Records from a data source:
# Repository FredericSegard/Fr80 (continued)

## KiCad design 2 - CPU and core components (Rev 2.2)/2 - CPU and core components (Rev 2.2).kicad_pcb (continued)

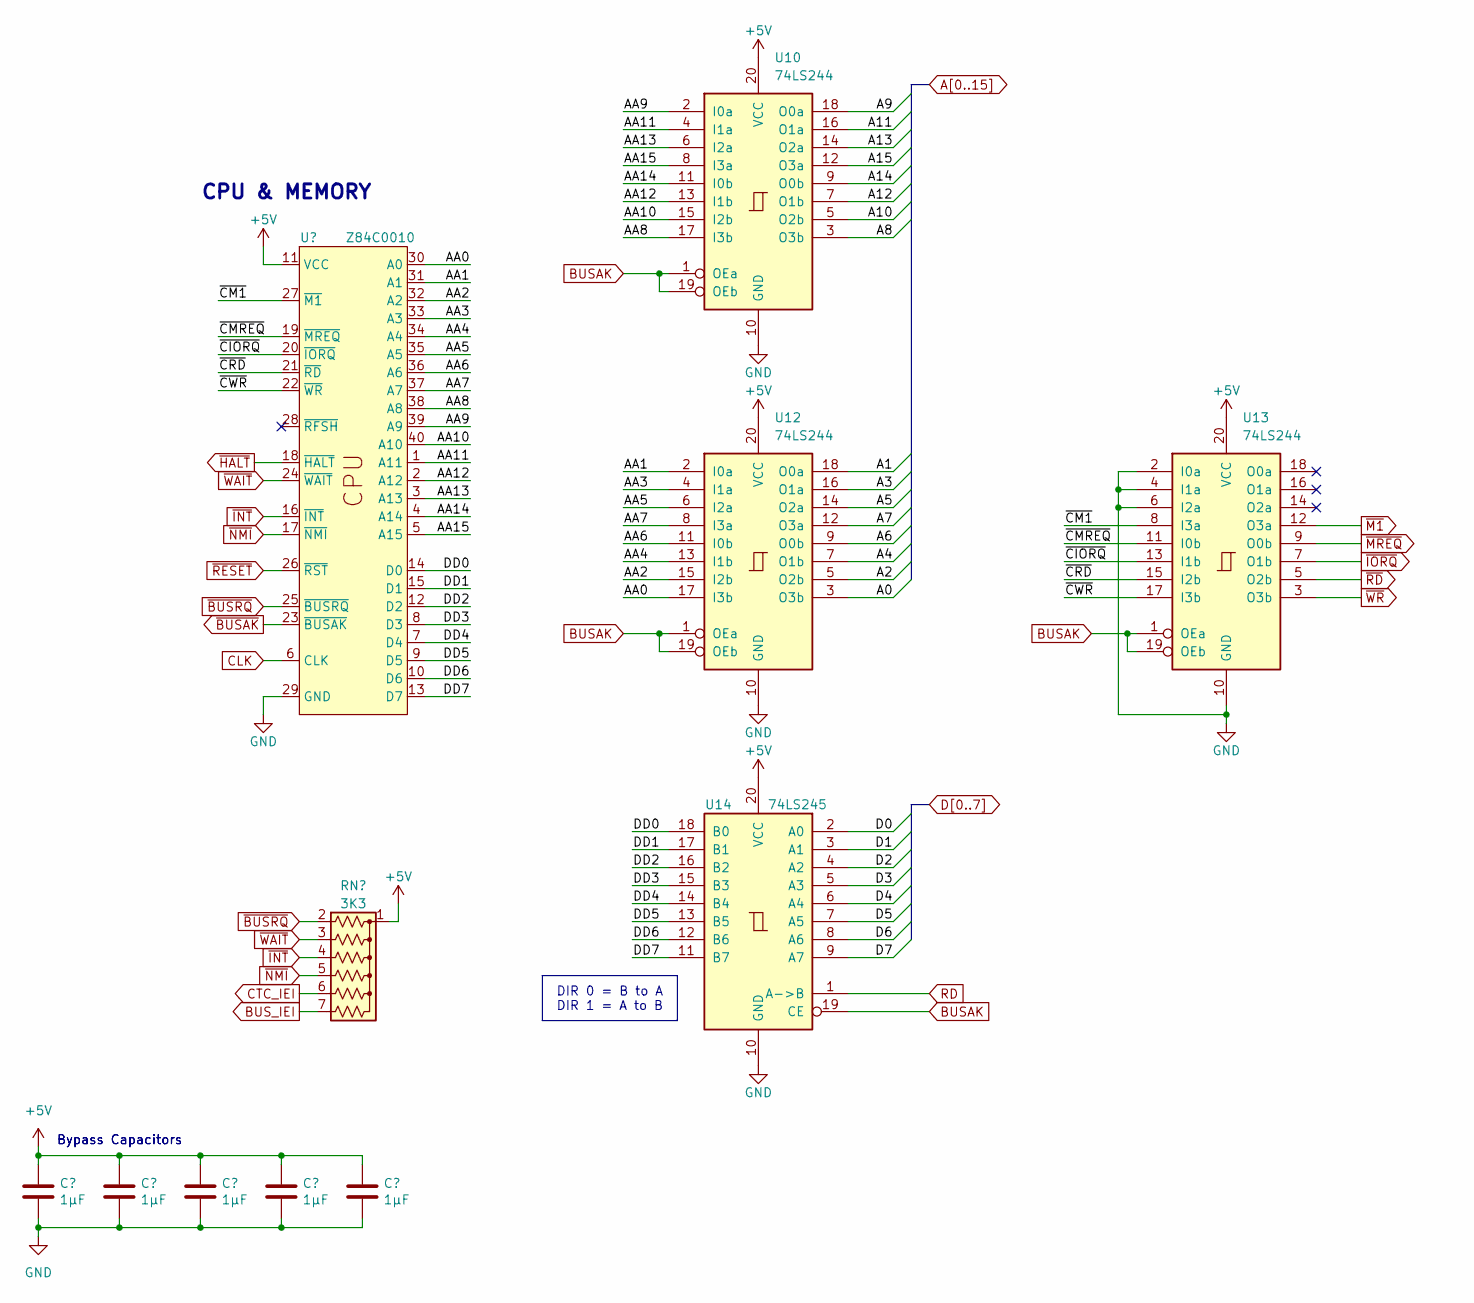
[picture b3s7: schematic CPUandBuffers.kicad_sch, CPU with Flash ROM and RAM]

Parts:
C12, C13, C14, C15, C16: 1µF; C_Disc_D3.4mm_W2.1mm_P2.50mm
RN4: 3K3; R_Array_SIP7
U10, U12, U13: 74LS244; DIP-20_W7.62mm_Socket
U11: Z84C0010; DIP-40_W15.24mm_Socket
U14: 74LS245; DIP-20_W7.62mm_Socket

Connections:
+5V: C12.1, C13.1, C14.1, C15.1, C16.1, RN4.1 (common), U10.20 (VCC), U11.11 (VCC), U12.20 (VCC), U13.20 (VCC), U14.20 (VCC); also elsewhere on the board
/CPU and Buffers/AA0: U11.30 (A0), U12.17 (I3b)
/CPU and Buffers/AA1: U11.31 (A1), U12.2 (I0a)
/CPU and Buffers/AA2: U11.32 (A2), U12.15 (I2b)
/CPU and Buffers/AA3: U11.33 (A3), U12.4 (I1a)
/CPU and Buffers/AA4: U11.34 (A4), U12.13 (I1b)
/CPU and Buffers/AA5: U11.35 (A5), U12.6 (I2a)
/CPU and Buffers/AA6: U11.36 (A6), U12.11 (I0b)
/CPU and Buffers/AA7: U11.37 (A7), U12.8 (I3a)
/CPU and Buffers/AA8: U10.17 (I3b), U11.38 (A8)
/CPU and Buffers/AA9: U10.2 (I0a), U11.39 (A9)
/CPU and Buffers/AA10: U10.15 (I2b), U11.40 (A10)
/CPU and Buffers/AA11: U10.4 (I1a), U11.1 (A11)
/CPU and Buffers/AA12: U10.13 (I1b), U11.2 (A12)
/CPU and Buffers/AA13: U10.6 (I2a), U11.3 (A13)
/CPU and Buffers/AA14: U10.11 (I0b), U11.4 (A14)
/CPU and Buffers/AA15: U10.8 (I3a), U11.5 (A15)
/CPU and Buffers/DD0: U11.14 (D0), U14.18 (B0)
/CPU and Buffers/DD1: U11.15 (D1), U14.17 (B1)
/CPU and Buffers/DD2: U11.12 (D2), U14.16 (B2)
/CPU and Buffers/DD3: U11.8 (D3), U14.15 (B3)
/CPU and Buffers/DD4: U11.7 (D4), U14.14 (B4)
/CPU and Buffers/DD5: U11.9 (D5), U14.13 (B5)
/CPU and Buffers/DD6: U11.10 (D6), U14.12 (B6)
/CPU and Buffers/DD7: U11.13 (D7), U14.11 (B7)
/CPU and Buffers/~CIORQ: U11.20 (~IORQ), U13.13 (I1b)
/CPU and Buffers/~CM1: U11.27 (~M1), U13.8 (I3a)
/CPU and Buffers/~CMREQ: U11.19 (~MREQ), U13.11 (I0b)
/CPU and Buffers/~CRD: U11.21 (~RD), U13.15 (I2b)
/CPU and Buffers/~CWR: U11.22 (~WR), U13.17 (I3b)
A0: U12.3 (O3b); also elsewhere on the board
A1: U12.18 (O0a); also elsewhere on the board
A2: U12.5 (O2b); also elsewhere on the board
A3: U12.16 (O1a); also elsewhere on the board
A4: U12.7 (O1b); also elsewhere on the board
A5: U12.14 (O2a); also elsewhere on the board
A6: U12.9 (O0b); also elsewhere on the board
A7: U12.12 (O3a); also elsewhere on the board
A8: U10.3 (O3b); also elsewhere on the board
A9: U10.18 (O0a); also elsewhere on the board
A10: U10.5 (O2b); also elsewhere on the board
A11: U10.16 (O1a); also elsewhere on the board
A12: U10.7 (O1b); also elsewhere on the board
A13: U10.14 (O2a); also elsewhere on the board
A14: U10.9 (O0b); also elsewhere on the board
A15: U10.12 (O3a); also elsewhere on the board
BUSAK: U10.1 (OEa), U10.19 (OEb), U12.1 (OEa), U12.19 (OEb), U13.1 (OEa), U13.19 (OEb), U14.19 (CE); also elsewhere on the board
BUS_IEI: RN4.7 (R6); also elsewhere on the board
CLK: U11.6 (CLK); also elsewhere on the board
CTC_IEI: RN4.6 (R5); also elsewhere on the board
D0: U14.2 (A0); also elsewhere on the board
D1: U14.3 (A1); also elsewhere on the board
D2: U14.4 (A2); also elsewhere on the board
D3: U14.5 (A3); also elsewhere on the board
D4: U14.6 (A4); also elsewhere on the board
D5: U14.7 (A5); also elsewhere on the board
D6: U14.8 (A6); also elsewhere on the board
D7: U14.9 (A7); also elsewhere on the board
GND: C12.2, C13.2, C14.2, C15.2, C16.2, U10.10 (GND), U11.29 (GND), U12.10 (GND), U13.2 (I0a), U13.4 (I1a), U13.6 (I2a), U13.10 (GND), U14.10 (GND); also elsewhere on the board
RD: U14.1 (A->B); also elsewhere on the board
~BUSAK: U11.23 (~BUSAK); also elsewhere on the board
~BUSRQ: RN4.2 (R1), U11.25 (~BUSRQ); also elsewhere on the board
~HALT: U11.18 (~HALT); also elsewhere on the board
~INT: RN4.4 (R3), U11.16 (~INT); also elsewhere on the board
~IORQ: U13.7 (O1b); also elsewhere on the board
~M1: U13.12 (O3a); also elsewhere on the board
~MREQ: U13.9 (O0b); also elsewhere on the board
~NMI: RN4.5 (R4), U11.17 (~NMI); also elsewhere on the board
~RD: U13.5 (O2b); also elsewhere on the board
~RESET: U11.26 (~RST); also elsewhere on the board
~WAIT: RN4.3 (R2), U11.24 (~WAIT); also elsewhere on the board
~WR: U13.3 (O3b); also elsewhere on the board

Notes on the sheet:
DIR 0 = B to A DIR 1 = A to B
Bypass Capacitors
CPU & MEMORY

PROMPT. Which lines of the records above hold the word "IORQ"? Copy each one out.

RESPONSE.
/CPU and Buffers/~CIORQ: U11.20 (~IORQ), U13.13 (I1b)
~IORQ: U13.7 (O1b); also elsewhere on the board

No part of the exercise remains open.